Malgré la contestation de la pasteure, le réseau social chinois n’a pas remis la vidéo en ligne. Elle dénonce donc une censure lâche: «Quand les partisans de la cancel culture veulent qu’une chose ne soit pas dite ou retirée, tous les coups sont permis et le dialogue est impossible. Cela peut aller jusqu’à produire un certain chaos. Or Jésus parlait avec toutes sortes de gens. Il n’utilisait pas la force pour véhiculer son message. Ceux qui n’étaient pas d’accord ou en cheminement venaient lui poser des questions.»
Une forme de persécution
La cancel culture est symptomatique d’une société polarisée qui a du mal à accepter une ambivalence, souligne Jacques Nussbaumer, professeur de théologie systématique et vice-doyen de la Faculté libre de théologie évangélique de Vaux-sur-Seine. «Il y a toutefois un aspect qui peut être louable dans cette fameuse cancel culture: être attentif à des choses qui abîment ou risquent de susciter de la violence. Mais le côté anarchique de la réponse est problématique. “Ce qui n’est pas dans mon camp” devient à abattre. Que fait-on de notre passé? Quid des commémorations de figures ambivalentes? Il est possible de se souvenir du bien sans approuver le reste.»

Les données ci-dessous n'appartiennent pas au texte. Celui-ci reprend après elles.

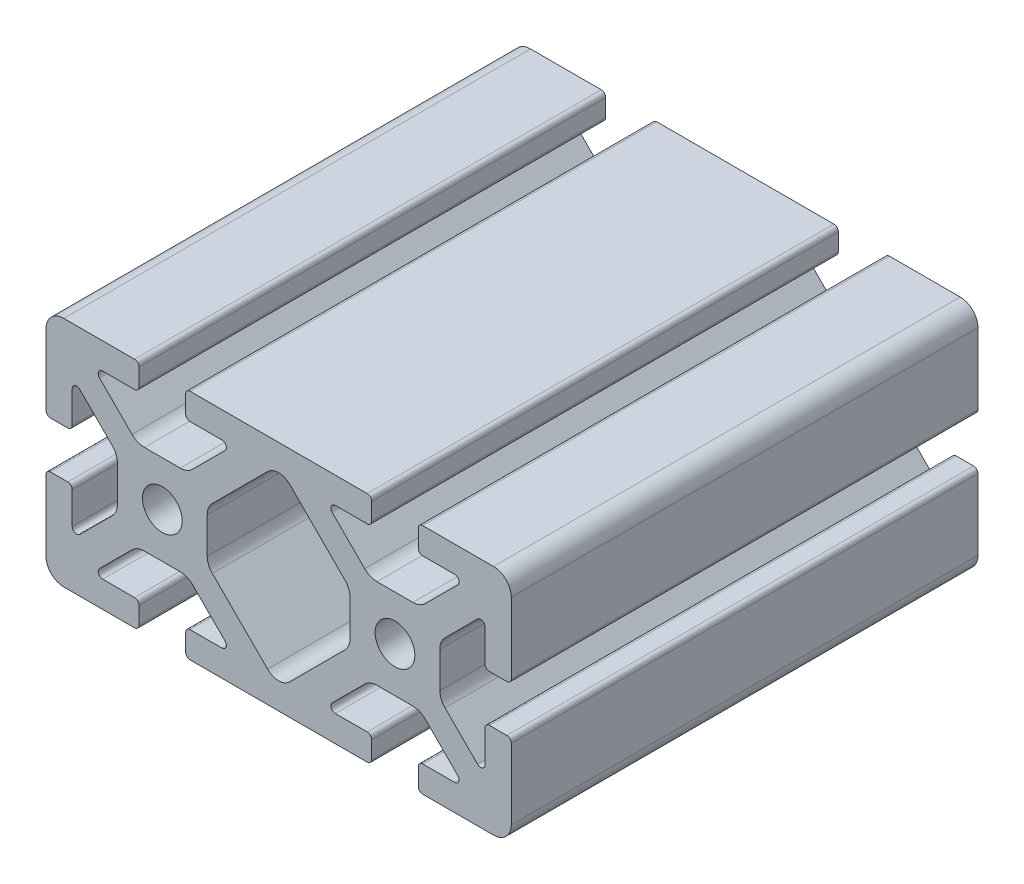
from build123d import *

# Parameters (mm, degrees)
SKETCH1_R               = 3.4036
BOSS_EXTRUDE1_DEPTH     = 152.4
SKETCH2_W               = 224.8
SKETCH2_H               = 39.878
CUT_EXTRUDE1_DEPTH      = 40
CUT_EXTRUDE1_DEPTH_BACK = 40


with BuildPart() as part:
    # Sketch1 → Boss-Extrude1 (new body, symmetric)
    with BuildSketch(Plane.XY):
        with BuildLine():
            Line((-39.878, 16.891), (-39.878, 4.7625))
            ThreePointArc((-39.878, 4.7625), (-39.654815367, 4.223684633), (-39.116, 4.0005))
            Line((-39.116, 4.0005), (-36.1442, 4.0005))
            ThreePointArc((-36.1442, 4.0005), (-35.605384633, 4.223684633), (-35.3822, 4.7625))
            Line((-35.3822, 4.7625), (-35.3822, 10.2235))
            ThreePointArc((-35.3822, 10.2235), (-34.911804775, 10.927496204), (-34.081384633, 10.762315367))
            Line((-34.081384633, 10.762315367), (-28.513059555, 5.19399029))
            ThreePointArc((-28.513059555, 5.19399029), (-27.863348265, 4.221628629), (-27.6352, 3.074649845))
            Line((-27.6352, 3.074649845), (-27.6352, -3.074649845))
            ThreePointArc((-27.6352, -3.074649845), (-27.863348265, -4.221628629), (-28.513059555, -5.19399029))
            Line((-28.513059555, -5.19399029), (-34.081384633, -10.762315367))
            ThreePointArc((-34.081384633, -10.762315367), (-34.911804775, -10.927496204), (-35.3822, -10.2235))
            Line((-35.3822, -10.2235), (-35.3822, -4.7625))
            ThreePointArc((-35.3822, -4.7625), (-35.605384633, -4.223684633), (-36.1442, -4.0005))
            Line((-36.1442, -4.0005), (-39.116, -4.0005))
            ThreePointArc((-39.116, -4.0005), (-39.654815367, -4.223684633), (-39.878, -4.7625))
            Line((-39.878, -4.7625), (-39.878, -16.891))
            ThreePointArc((-39.878, -16.891), (-38.985261469, -19.046261469), (-36.83, -19.939))
            Line((-36.83, -19.939), (-24.7015, -19.939))
            ThreePointArc((-24.7015, -19.939), (-24.162684633, -19.715815367), (-23.9395, -19.177))
            Line((-23.9395, -19.177), (-23.9395, -16.2052))
            ThreePointArc((-23.9395, -16.2052), (-24.162684633, -15.666384633), (-24.7015, -15.4432))
            Line((-24.7015, -15.4432), (-30.1625, -15.4432))
            ThreePointArc((-30.1625, -15.4432), (-30.866496204, -14.972804775), (-30.701315367, -14.142384633))
            Line((-30.701315367, -14.142384633), (-25.13299029, -8.574059555))
            ThreePointArc((-25.13299029, -8.574059555), (-24.160628629, -7.924348265), (-23.013649845, -7.6962))
            Line((-23.013649845, -7.6962), (-16.864350155, -7.6962))
            ThreePointArc((-16.864350155, -7.6962), (-15.717371371, -7.924348265), (-14.74500971, -8.574059555))
            Line((-14.74500971, -8.574059555), (-9.176684633, -14.142384633))
            ThreePointArc((-9.176684633, -14.142384633), (-9.011503796, -14.972804775), (-9.7155, -15.4432))
            Line((-9.7155, -15.4432), (-15.1765, -15.4432))
            ThreePointArc((-15.1765, -15.4432), (-15.715315367, -15.666384633), (-15.9385, -16.2052))
            Line((-15.9385, -16.2052), (-15.9385, -19.177))
            ThreePointArc((-15.9385, -19.177), (-15.715315367, -19.715815367), (-15.1765, -19.939))
            Line((-15.1765, -19.939), (15.1765, -19.939))
            ThreePointArc((15.1765, -19.939), (15.715315367, -19.715815367), (15.9385, -19.177))
            Line((15.9385, -19.177), (15.9385, -16.2052))
            ThreePointArc((15.9385, -16.2052), (15.715315367, -15.666384633), (15.1765, -15.4432))
            Line((15.1765, -15.4432), (9.7155, -15.4432))
            ThreePointArc((9.7155, -15.4432), (9.011503796, -14.972804775), (9.176684633, -14.142384633))
            Line((9.176684633, -14.142384633), (14.74500971, -8.574059555))
            ThreePointArc((14.74500971, -8.574059555), (15.717371371, -7.924348265), (16.864350155, -7.6962))
            Line((16.864350155, -7.6962), (23.013649845, -7.6962))
            ThreePointArc((23.013649845, -7.6962), (24.160628629, -7.924348265), (25.13299029, -8.574059555))
            Line((25.13299029, -8.574059555), (30.701315367, -14.142384633))
            ThreePointArc((30.701315367, -14.142384633), (30.866496204, -14.972804775), (30.1625, -15.4432))
            Line((30.1625, -15.4432), (24.7015, -15.4432))
            ThreePointArc((24.7015, -15.4432), (24.162684633, -15.666384633), (23.9395, -16.2052))
            Line((23.9395, -16.2052), (23.9395, -19.177))
            ThreePointArc((23.9395, -19.177), (24.162684633, -19.715815367), (24.7015, -19.939))
            Line((24.7015, -19.939), (36.83, -19.939))
            ThreePointArc((36.83, -19.939), (38.985261469, -19.046261469), (39.878, -16.891))
            Line((39.878, -16.891), (39.878, -4.7625))
            ThreePointArc((39.878, -4.7625), (39.654815367, -4.223684633), (39.116, -4.0005))
            Line((39.116, -4.0005), (36.1442, -4.0005))
            ThreePointArc((36.1442, -4.0005), (35.605384633, -4.223684633), (35.3822, -4.7625))
            Line((35.3822, -4.7625), (35.3822, -10.2235))
            ThreePointArc((35.3822, -10.2235), (34.911804775, -10.927496204), (34.081384633, -10.762315367))
            Line((34.081384633, -10.762315367), (28.513059555, -5.19399029))
            ThreePointArc((28.513059555, -5.19399029), (27.863348265, -4.221628629), (27.6352, -3.074649845))
            Line((27.6352, -3.074649845), (27.6352, 3.074649845))
            ThreePointArc((27.6352, 3.074649845), (27.863348265, 4.221628629), (28.513059555, 5.19399029))
            Line((28.513059555, 5.19399029), (34.081384633, 10.762315367))
            ThreePointArc((34.081384633, 10.762315367), (34.911804775, 10.927496204), (35.3822, 10.2235))
            Line((35.3822, 10.2235), (35.3822, 4.7625))
            ThreePointArc((35.3822, 4.7625), (35.605384633, 4.223684633), (36.1442, 4.0005))
            Line((36.1442, 4.0005), (39.116, 4.0005))
            ThreePointArc((39.116, 4.0005), (39.654815367, 4.223684633), (39.878, 4.7625))
            Line((39.878, 4.7625), (39.878, 16.891))
            ThreePointArc((39.878, 16.891), (38.985261469, 19.046261469), (36.83, 19.939))
            Line((36.83, 19.939), (24.7015, 19.939))
            ThreePointArc((24.7015, 19.939), (24.162684633, 19.715815367), (23.9395, 19.177))
            Line((23.9395, 19.177), (23.9395, 16.2052))
            ThreePointArc((23.9395, 16.2052), (24.162684633, 15.666384633), (24.7015, 15.4432))
            Line((24.7015, 15.4432), (30.1625, 15.4432))
            ThreePointArc((30.1625, 15.4432), (30.866496204, 14.972804775), (30.701315367, 14.142384633))
            Line((30.701315367, 14.142384633), (25.13299029, 8.574059555))
            ThreePointArc((25.13299029, 8.574059555), (24.160628629, 7.924348265), (23.013649845, 7.6962))
            Line((23.013649845, 7.6962), (16.864350155, 7.6962))
            ThreePointArc((16.864350155, 7.6962), (15.717371371, 7.924348265), (14.74500971, 8.574059555))
            Line((14.74500971, 8.574059555), (9.176684633, 14.142384633))
            ThreePointArc((9.176684633, 14.142384633), (9.011503796, 14.972804775), (9.7155, 15.4432))
            Line((9.7155, 15.4432), (15.1765, 15.4432))
            ThreePointArc((15.1765, 15.4432), (15.715315367, 15.666384633), (15.9385, 16.2052))
            Line((15.9385, 16.2052), (15.9385, 19.177))
            ThreePointArc((15.9385, 19.177), (15.715315367, 19.715815367), (15.1765, 19.939))
            Line((15.1765, 19.939), (-15.1765, 19.939))
            ThreePointArc((-15.1765, 19.939), (-15.715315367, 19.715815367), (-15.9385, 19.177))
            Line((-15.9385, 19.177), (-15.9385, 16.2052))
            ThreePointArc((-15.9385, 16.2052), (-15.715315367, 15.666384633), (-15.1765, 15.4432))
            Line((-15.1765, 15.4432), (-9.7155, 15.4432))
            ThreePointArc((-9.7155, 15.4432), (-9.011503796, 14.972804775), (-9.176684633, 14.142384633))
            Line((-9.176684633, 14.142384633), (-14.74500971, 8.574059555))
            ThreePointArc((-14.74500971, 8.574059555), (-15.717371371, 7.924348265), (-16.864350155, 7.6962))
            Line((-16.864350155, 7.6962), (-23.013649845, 7.6962))
            ThreePointArc((-23.013649845, 7.6962), (-24.160628629, 7.924348265), (-25.13299029, 8.574059555))
            Line((-25.13299029, 8.574059555), (-30.701315367, 14.142384633))
            ThreePointArc((-30.701315367, 14.142384633), (-30.866496204, 14.972804775), (-30.1625, 15.4432))
            Line((-30.1625, 15.4432), (-24.7015, 15.4432))
            ThreePointArc((-24.7015, 15.4432), (-24.162684633, 15.666384633), (-23.9395, 16.2052))
            Line((-23.9395, 16.2052), (-23.9395, 19.177))
            ThreePointArc((-23.9395, 19.177), (-24.162684633, 19.715815367), (-24.7015, 19.939))
            Line((-24.7015, 19.939), (-36.83, 19.939))
            ThreePointArc((-36.83, 19.939), (-38.985261469, 19.046261469), (-39.878, 16.891))
        make_face()
        with Locations((-19.939, 0)):
            Circle(SKETCH1_R, mode=Mode.SUBTRACT)
        with Locations((19.939, 0)):
            Circle(SKETCH1_R, mode=Mode.SUBTRACT)
        with BuildLine():
            Line((-12.2428, 3.074649845), (-12.2428, -3.074649845))
            ThreePointArc((-12.2428, -3.074649845), (-12.014651735, -4.221628629), (-11.364940445, -5.19399029))
            Line((-11.364940445, -5.19399029), (-1.904671503, -14.654259232))
            ThreePointArc((-1.904671503, -14.654259232), (0, -15.4432), (1.904671503, -14.654259232))
            Line((1.904671503, -14.654259232), (11.364940445, -5.19399029))
            ThreePointArc((11.364940445, -5.19399029), (12.014651735, -4.221628629), (12.2428, -3.074649845))
            Line((12.2428, -3.074649845), (12.2428, 3.074649845))
            ThreePointArc((12.2428, 3.074649845), (12.014651735, 4.221628629), (11.364940445, 5.19399029))
            Line((11.364940445, 5.19399029), (1.904671503, 14.654259232))
            ThreePointArc((1.904671503, 14.654259232), (0, 15.4432), (-1.904671503, 14.654259232))
            Line((-1.904671503, 14.654259232), (-11.364940445, 5.19399029))
            ThreePointArc((-11.364940445, 5.19399029), (-12.014651735, 4.221628629), (-12.2428, 3.074649845))
        make_face(mode=Mode.SUBTRACT)
    extrude(amount=BOSS_EXTRUDE1_DEPTH, both=True)

    # Sketch2 → Cut-Extrude1 (cut, two sides)
    with BuildSketch(Plane(origin=(0, 0, 0), x_dir=(0, 0, -1), z_dir=(1, 0, 0))) as cut_extrude1_sk:
        with Locations((40, 0)):
            Rectangle(SKETCH2_W, SKETCH2_H)
    extrude(amount=CUT_EXTRUDE1_DEPTH, mode=Mode.SUBTRACT)
    extrude(cut_extrude1_sk.sketch, amount=-CUT_EXTRUDE1_DEPTH_BACK, mode=Mode.SUBTRACT)


solid = part.part

Jean-Pierre Graber observe d’un œil circonspect les «apôtres» de la cancel culture. «Peut-être ont-ils soif de pureté laïque? Mais la démocratie s’accommode mal des désirs de pureté absolue. Pour moi, cette aspiration est ontologiquement dangereuse.» Il déplore surtout le manque de réciprocité de ses «adeptes». «Ils ne sont pas disposés à accorder le principe de liberté d’expression qu’ils revendiquent pour eux.» Selon le politologue, «cette cancel culture est foncièrement antichrétienne et prospère dans une société déchristianisée en perte de repères.»
«Subtilement, la cancel culture veut nous amener à penser comme elle», déclare Johanna Exbrayat. «Elle nous fait culpabiliser par du harcèlement si on “faute”. Elle veut imposer tout en présentant ses défenseurs comme les gentils de l’histoire. Le christianisme n’est pas dans l’agressivité, ni l’étouffement. Le Christ invite, se propose. Il ne s’impose pas.» La pasteure met en parallèle les effets indésirables de cette culture de l’annulation avec des pratiques jugeantes et légalistes parfois suivies par certains chrétiens.
L’Église comme réponse
En réaction à cette tendance de fond, l’Eglise se doit d’être contre-culturelle et apporter ce qu’il faut d’équilibre et de nuance, encourage Jacques Nussbaumer. «La doctrine chrétienne de la rédemption, du pardon et de la vie nouvelle n’identifie pas la personne seulement au mal qu’elle a commis, mais laisse la possibilité au changement, à un avenir différent», explique-t-il.
«Ce que je vois de mal chez l’autre résonne dans ce que j’ai en moi», poursuit le théologien. «Dès lors, ce regard évite de se prendre “pour le grand Inquisiteur qui va nettoyer les écuries d’Augias”. Il faut travailler sur soi et sur ce qui pourrait pousser chacun dans le mal qu’on est censé dénoncer. La cancel culture veut condamner les personnes à bannir à un enfer terrestre, les couper de l’épanouissement de leur vie ici. Or, la grâce doit toujours avoir droit de cité. Il faut travailler la nuance et assumer l’ambivalence», conclut-il.